- **Task to carry out**
Looking at the entries, how many lines hold the word "name"? State the number by itself.
Entries provided: Begin
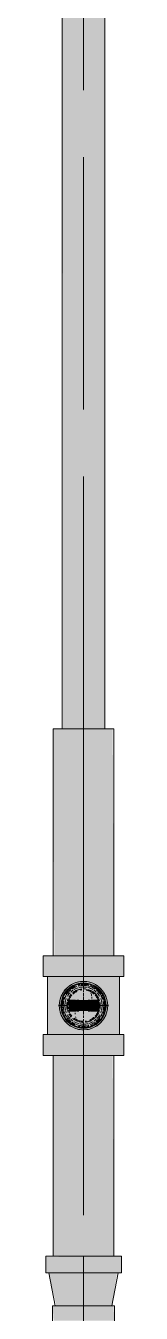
# Model space of a CAD drawing. Header units: millimetres. Extents: x -4000 to 187956, y -58990 to 162485.
# Drawn here: x 74210 to 74290, y 134144 to 135424 of the extents above; entities that cross this region are included whole.
import ezdxf

# ---------------------------------------------------------------- set-up
doc = ezdxf.new("R2010")
doc.units = ezdxf.units.MM
doc.linetypes.add('Dash 1_16_', pattern=[317.5, 158.75, -158.75])
for name, color, linetype, lineweight in [('F-SPRN', 3, 'Continuous', 9), ('P-PIPE', 3, 'Continuous', 9), ('P-PIPE-CNTR', 3, 'Continuous', 9)]:
    doc.layers.add(name, color=color, linetype=linetype, lineweight=lineweight)

# ---------------------------------------------------------------- blocks, each defined once
blk = doc.blocks.new('Sprinkler_Up - DN20-V323-FFS - TANG 1')
at = {"layer": 'F-SPRN', "transparency": 33554534}
for points in [[(22.2, 0), (18, 13.1), (6.9, 21.2), (-6.9, 21.2), (-18, 13.1), (-22.2, 0), (-3.9, 0.7), (-1.7, 2.9), (-1.2, 3.5), (-0.6, 4), (0.6, 4), (1.2, 3.5), (1.7, 2.9), (4.6, 0), (13.5, 0)], [(0, -16.7), (4.3, -16.1), (11.8, -11.8), (16.1, -4.3), (16.1, 4.3), (11.8, 11.8), (8.3, 14.4), (-0.2, 16.6), (-4.3, 16.1), (-11.8, 11.8), (-16.1, 4.3), (-16.1, -4.3), (-11.8, -11.8), (-8.3, -14.4), (-0.2, -16.6)], [(0, -15.6), (7.8, -13.5), (13.5, -7.8), (15.1, -4), (15.1, 4), (13.5, 7.8), (7.8, 13.5), (-0.2, 15.5), (-7.8, 13.5), (-11, 11), (-15.1, 4), (-15.1, -4), (-11, -11), (-7.8, -13.5), (-0.2, -15.5)], [(-6.9, -21.2), (6.9, -21.2), (18, -13.1), (22.2, 0), (3.9, -0.7), (1.7, -2.9), (1.2, -3.5), (0.6, -4), (-0.6, -4), (-1.2, -3.5), (-1.7, -2.9), (-4.6, 0), (-22.2, 0), (-18, -13.1), (-12.4, -17.1)], [(-10.9, -5.5), (-10.9, 5.4), (-14.5, 5.4), (-14.5, -5.5)], [(-7.7, -5.5), (-7.7, 5.4), (-10.9, 5.4), (-10.9, -5.5)], [(-7.7, -5.5), (0, -5.5), (-0.2, 5.4), (-7.7, 5.4)], [(0, 0), (5.7, 0), (2.9, 4.9), (-2.9, 4.9), (-5.7, 0), (-0.2, 0)], [(-2.9, -4.9), (2.9, -4.9), (5.7, 0), (-5.7, 0)], [(4.6, 0), (-0.2, 4.4), (-4.6, 0), (0, 0)], [(0, -4.6), (4.6, 0), (-4.6, 0), (-0.2, -4.4)], [(0, -2.6), (1.3, 0), (-1.8, 0), (-0.2, -2.2)], [(1.8, 0), (-0.2, 2.1), (-0.2, 0)], [(7.7, -5.5), (7.7, 5.4), (0, 5.4), (0, -5.5)], [(10.9, -5.5), (10.9, 5.4), (7.7, 5.4), (7.7, -5.5)], [(14.5, -5.5), (14.5, 5.4), (10.9, 5.4), (10.9, -5.5)]]:
    blk.add_hatch(color=1, dxfattribs=at).paths.add_polyline_path(points)
at = {"layer": 'F-SPRN', "color": 1}
for p, q in [((-11.5, 5.4), (-14.5, 5.4)), ((-14.5, 5.4), (-11.3, 5.4)), ((-14.5, 5.4), (-14.5, 3.7)), ((-14.5, 3.3), (-14.5, 0)), ((-11.5, 5.4), (-11.5, 4)), ((-10.9, 1.9), (-10.9, 3.6)), ((-10.8, 5.4), (-8, 5.4)), ((-8.1, 5.4), (-10.8, 5.4)), ((-8.1, 5.4), (-8.1, 2.8)), ((-8.1, 2.5), (-8.1, 0.7)), ((-7.7, 4.8), (-7.7, 2.7)), ((-7.7, 4.8), (-7.7, 2.7)), ((-7.7, 2.1), (-7.7, 0.5)), ((-7.7, 2.1), (-7.7, 0.5)), ((-6.7, 5.4), (-4.7, 5.4)), ((-5.8, 3.8), (-5.8, 2.2)), ((-2.1, 0), (-2.1, 0)), ((-2.1, 0), (-2.1, -0.1)), ((-0.2, 5.4), (0, 5.4)), ((0, 5.4), (-0.2, 5.4)), ((0, 2.1), (-0.1, 2.1)), ((2.1, 0), (2.1, 0.1)), ((2.1, 0), (2.1, 0)), ((4.7, 5.4), (6.5, 5.4)), ((7.7, 5.4), (10.8, 5.4)), ((7.7, 5.2), (7.7, 2.7)), ((7.7, 5.2), (7.7, 2.7)), ((7.7, 2.3), (7.7, 0.5)), ((7.7, 2.3), (7.7, 0.5)), ((10.8, 5.4), (8.1, 5.4)), ((8.1, 5.4), (8.1, 2.8)), ((8.1, 2.5), (8.1, 0.4)), ((10.9, 5.4), (14.5, 5.4)), ((10.9, 3.6), (10.9, 0.2)), ((14.5, 5.4), (11.5, 5.4)), ((11.5, 5.4), (11.5, 4)), ((11.5, 3), (11.5, 0.2)), ((14.5, 5.4), (14.5, -5.5)), ((-14.5, -1.3), (-14.5, -3.7)), ((-11.1, -5.5), (-14.5, -5.5)), ((-14.5, -5.5), (-11.5, -5.5)), ((-10.9, -2.6), (-10.9, -1.3)), ((-10.8, -5.5), (-8.1, -5.5)), ((-7.8, -5.5), (-10.8, -5.5)), ((-8.1, -4.2), (-8.1, -5.5)), ((-7.7, -2.7), (-7.7, -4)), ((-7.7, -2.7), (-7.7, -4)), ((-7, -5.5), (-5.8, -5.5)), ((-4.8, -5.5), (-7, -5.5)), ((-5.8, -2.3), (-5.8, -3.8)), ((-2.1, -0.3), (-2, -0.4)), ((-2, -0.4), (-2, -0.5)), ((-2, -0.5), (-2, -0.6)), ((-2, -0.6), (-2, -0.7)), ((-2, -0.7), (-1.9, -0.7)), ((-1.9, -0.7), (-1.9, -0.8)), ((-1.9, -0.8), (-1.9, -0.9)), ((-1.9, -0.9), (-1.8, -1)), ((-1.8, -1), (-1.8, -1.1)), ((-1.8, -1), (-1.8, -1)), ((-1.8, -1.1), (-1.7, -1.2)), ((-1.7, -1.2), (-1.6, -1.3)), ((-1.7, -1.2), (-1.7, -1.2)), ((-1.6, -1.3), (-1.6, -1.4)), ((-1.6, -1.4), (-1.5, -1.4)), ((-1.5, -1.4), (-1.4, -1.5)), ((-1.4, -1.5), (-1.3, -1.6)), ((-1.4, -1.5), (-1.4, -1.5)), ((-1.3, -1.6), (-1.3, -1.7)), ((-1.3, -1.7), (-1.2, -1.7)), ((-1.2, -1.7), (-1.1, -1.7)), ((-1.1, -1.7), (-1.1, -1.8)), ((-1.1, -1.8), (-1, -1.8)), ((-1, -1.8), (-0.9, -1.9)), ((-0.9, -1.9), (-0.8, -1.9)), ((-0.8, -1.9), (-0.7, -2)), ((-0.8, -1.9), (-0.8, -1.9)), ((-0.7, -2), (-0.6, -2)), ((-0.6, -2), (-0.5, -2)), ((-0.5, -2), (-0.4, -2)), ((-0.4, -2), (-0.3, -2.1)), ((-0.4, -2), (-0.4, -2)), ((-0.3, -2.1), (-0.2, -2.1)), ((-0.2, -2.1), (-0.1, -2.1)), ((-0.2, -5.5), (0, -5.5)), ((0, -5.5), (-0.2, -5.5)), ((-0.1, -2.1), (0, -2.1)), ((0, -2.1), (0.1, -2.1)), ((0.1, -2.1), (0.2, -2.1)), ((0.1, -2.1), (0.1, -2.1)), ((0.2, -2.1), (0.3, -2.1)), ((0.3, -2.1), (0.4, -2)), ((0.4, -2), (0.5, -2)), ((0.5, -2), (0.6, -2)), ((0.6, -2), (0.7, -2)), ((0.6, -2), (0.6, -2)), ((0.7, -2), (0.8, -1.9)), ((0.8, -1.9), (0.9, -1.9)), ((0.9, -1.9), (1, -1.8)), ((0.9, -1.9), (0.9, -1.9)), ((1, -1.8), (1.1, -1.8)), ((1.1, -1.8), (1.2, -1.7)), ((1.2, -1.7), (1.3, -1.6)), ((1.2, -1.7), (1.2, -1.7)), ((1.3, -1.6), (1.4, -1.6)), ((1.4, -1.5), (1.5, -1.5)), ((1.4, -1.6), (1.4, -1.5)), ((1.5, -1.4), (1.6, -1.3)), ((1.5, -1.5), (1.5, -1.4)), ((1.6, -1.3), (1.7, -1.2)), ((1.6, -1.3), (1.6, -1.3)), ((1.7, -1.1), (1.8, -1.1)), ((1.7, -1.2), (1.7, -1.1)), ((1.8, -1), (1.9, -0.9)), ((1.8, -1.1), (1.8, -1)), ((1.9, -0.8), (2, -0.7)), ((1.9, -0.8), (1.9, -0.8)), ((1.9, -0.9), (1.9, -0.8)), ((2, -0.4), (2.1, -0.3)), ((2, -0.5), (2, -0.4)), ((2, -0.5), (2, -0.5)), ((2, -0.6), (2, -0.5)), ((2, -0.7), (2, -0.6)), ((2.1, -0.1), (2.1, 0)), ((2.1, -0.2), (2.1, -0.1)), ((2.1, -0.3), (2.1, -0.2)), ((7, -5.5), (4.8, -5.5)), ((5.8, -2.2), (5.8, -3.8)), ((5.8, -5.5), (7, -5.5)), ((7.7, -0.5), (7.7, -2.3)), ((7.7, -0.5), (7.7, -2.3)), ((7.7, -2.7), (7.7, -5.4)), ((7.7, -2.7), (7.7, -5.4)), ((10.8, -5.5), (7.7, -5.5)), ((8.1, -0.4), (8.1, -2.5)), ((8.1, -2.8), (8.1, -5.5)), ((8.1, -5.5), (10.8, -5.5)), ((10.9, -0.2), (10.9, -3.6)), ((14.5, -5.5), (10.9, -5.5)), ((11.5, -0.2), (11.5, -3)), ((11.5, -4), (11.5, -5.5)), ((11.5, -5.5), (14.5, -5.5))]:
    blk.add_line(p, q, dxfattribs=at)
at = {"layer": 'F-SPRN', "color": 1, "flags": 128}
for points in [[(-0.6, 2), (-0.7, 2), (-0.8, 1.9), (-0.9, 1.9), (-0.9, 1.9), (-1, 1.8), (-1.1, 1.8), (-1.2, 1.7), (-1.2, 1.7), (-1.3, 1.6), (-1.4, 1.6), (-1.4, 1.5), (-1.5, 1.5), (-1.5, 1.4), (-1.6, 1.3), (-1.6, 1.3), (-1.7, 1.2), (-1.7, 1.1), (-1.8, 1.1), (-1.8, 1), (-1.9, 0.9), (-1.9, 0.8), (-1.9, 0.8), (-2, 0.7), (-2, 0.6), (-2, 0.5), (-2, 0.5), (-2, 0.4), (-2.1, 0.3), (-2.1, 0.2), (-2.1, 0.1), (-2.1, 0)], [(-0.5, 2), (-0.6, 2), (-0.6, 2)], [(-0.1, 2.1), (-0.1, 2.1), (-0.2, 2.1), (-0.3, 2.1), (-0.4, 2), (-0.5, 2)], [(2.1, 0.1), (2.1, 0.2), (2.1, 0.2), (2.1, 0.3), (2, 0.4), (2, 0.5), (2, 0.6), (2, 0.7), (1.9, 0.7), (1.9, 0.8), (1.9, 0.9), (1.8, 1), (1.8, 1), (1.8, 1.1), (1.7, 1.2), (1.7, 1.2), (1.6, 1.3), (1.6, 1.4), (1.5, 1.4), (1.4, 1.5), (1.4, 1.5), (1.3, 1.6), (1.3, 1.7), (1.2, 1.7), (1.1, 1.7), (1.1, 1.8), (1, 1.8), (0.9, 1.9), (0.8, 1.9), (0.8, 1.9), (0.7, 2), (0.6, 2), (0.5, 2), (0.4, 2), (0.4, 2), (0.3, 2.1), (0.2, 2.1), (0.1, 2.1), (0, 2.1)], [(-2.1, -0.1), (-2.1, -0.2), (-2.1, -0.2), (-2.1, -0.3)]]:
    blk.add_lwpolyline(points, dxfattribs=at)
at = {"layer": 'F-SPRN', "color": 1}
for radius, start, end in [(22.2, 360, 180), (21.9, 126.6942, 143.2701), (21.9, 108.2621, 125.7507), (16.7, 121.4181, 130.5751), (16.7, 121.4181, 130.5751), (15.6, 120.5262, 133.2078), (15.6, 120.5262, 133.2078), (16.7, 106.5995, 120), (16.7, 106.5995, 120), (15.6, 114.4363, 119.9813), (15.6, 114.4363, 119.9813), (21.9, 99.348, 107.901), (16.7, 96.4143, 105), (16.7, 96.4143, 105), (21.9, 90.5852, 98.8503), (15.6, 95.5762, 100.6843), (15.6, 95.5762, 100.6843), (16.7, 90, 90.7651), (16.7, 90, 90.7651), (15.6, 90, 90.8173), (15.6, 90, 90.8173), (16.7, 83.0684, 90), (16.7, 83.0684, 90), (21.9, 72.5583, 89.4624), (15.6, 75.573, 80.5892), (15.6, 75.573, 80.5892), (15.6, 67.5614, 74.5481), (15.6, 67.5614, 74.5481), (16.7, 60, 75), (16.7, 60, 75), (15.6, 60.0187, 65.5637), (15.6, 60.0187, 65.5637), (21.9, 54.2493, 71.7379), (15.6, 46.7922, 60), (15.6, 46.7922, 60), (16.7, 49.4249, 58.5819), (16.7, 49.4249, 58.5819), (21.9, 36.7299, 53.3058), (21.9, 165.6773, 179.2615), (21.9, 144.7698, 164.8151), (16.7, 167.6802, 180), (16.7, 167.6802, 180), (16.7, 155.3879, 164.9693), (16.7, 155.3879, 164.9693), (15.6, 166.4265, 180), (15.6, 166.4265, 180), (15.6, 150.9409, 165), (15.6, 159.6139, 165), (16.7, 136.7213, 149.931), (16.7, 136.7213, 149.931), (15.6, 150.9409, 156.3845), (15.6, 138.4214, 150), (15.6, 138.4214, 150), (4.63, 155.7832, 180), (4.63, 155.7832, 180), (4.63, 109.0192, 138.2703), (4.63, 109.0192, 138.2703), (2.56, 109.0192, 168.8278), (2.56, 109.0192, 168.8278), (2.04, 109.0192, 180), (4.63, 17.9592, 94.2812), (4.63, 90, 94.2812), (3.81, 57.0577, 95.1978), (2.56, 14.5599, 97.742), (2.56, 90, 97.742), (2.04, 10.4703, 99.6912), (4.63, 17.9592, 90), (2.56, 14.5599, 90), (3.81, 16.1605, 43.8358), (15.6, 30, 41.5786), (15.6, 30, 41.5786), (16.7, 30, 43.2787), (16.7, 30, 43.2787), (15.6, 23.6155, 29.5646), (15.6, 15, 29.5646), (15.6, 15, 20.3861), (16.7, 15, 24.6121), (16.7, 15, 24.6121), (15.6, 360, 13.6618), (15.6, 0, 13.6618), (16.7, 360, 12.3198), (16.7, 0, 12.3198), (21.9, 15.1849, 35.2302), (21.9, 0.7385, 14.3227), (22.2, 180, 360), (21.9, 180.7385, 194.3227), (21.9, 195.1849, 215.2302), (16.7, 180, 192.3198), (16.7, 180, 192.3198), (16.7, 195.0307, 204.6121), (16.7, 195.0307, 204.6121), (15.6, 181.9082, 193.6618), (15.6, 181.9082, 193.6618), (15.6, 197.3339, 209.5646), (15.6, 197.3339, 209.5646), (16.7, 210.069, 223.2787), (16.7, 210.069, 223.2787), (15.6, 212.5472, 221.5786), (15.6, 212.5472, 221.5786), (16.7, 229.4249, 238.5819), (16.7, 229.4249, 238.5819), (15.6, 233.795, 240), (15.6, 233.795, 240), (4.63, 197.9592, 0), (4.63, 197.9592, 360), (3.81, 196.1605, 360), (2.56, 191.1677, 270), (2.56, 191.1677, 262.258), (2.04, 190.4703, 270), (2.56, 262.258, 270), (2.04, 270, 0), (2.56, 270, 0), (2.56, 270, 360), (15.6, 300, 313.2078), (15.6, 300, 313.2078), (16.7, 301.4181, 310.5751), (16.7, 301.4181, 310.5751), (15.6, 318.4214, 330), (15.6, 318.4214, 330), (16.7, 316.7213, 330), (16.7, 316.7213, 330), (15.6, 330.4354, 345), (15.6, 330.4354, 336.3845), (15.6, 339.6139, 345), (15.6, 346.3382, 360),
Entries provided: End
- **Solution to this task**
2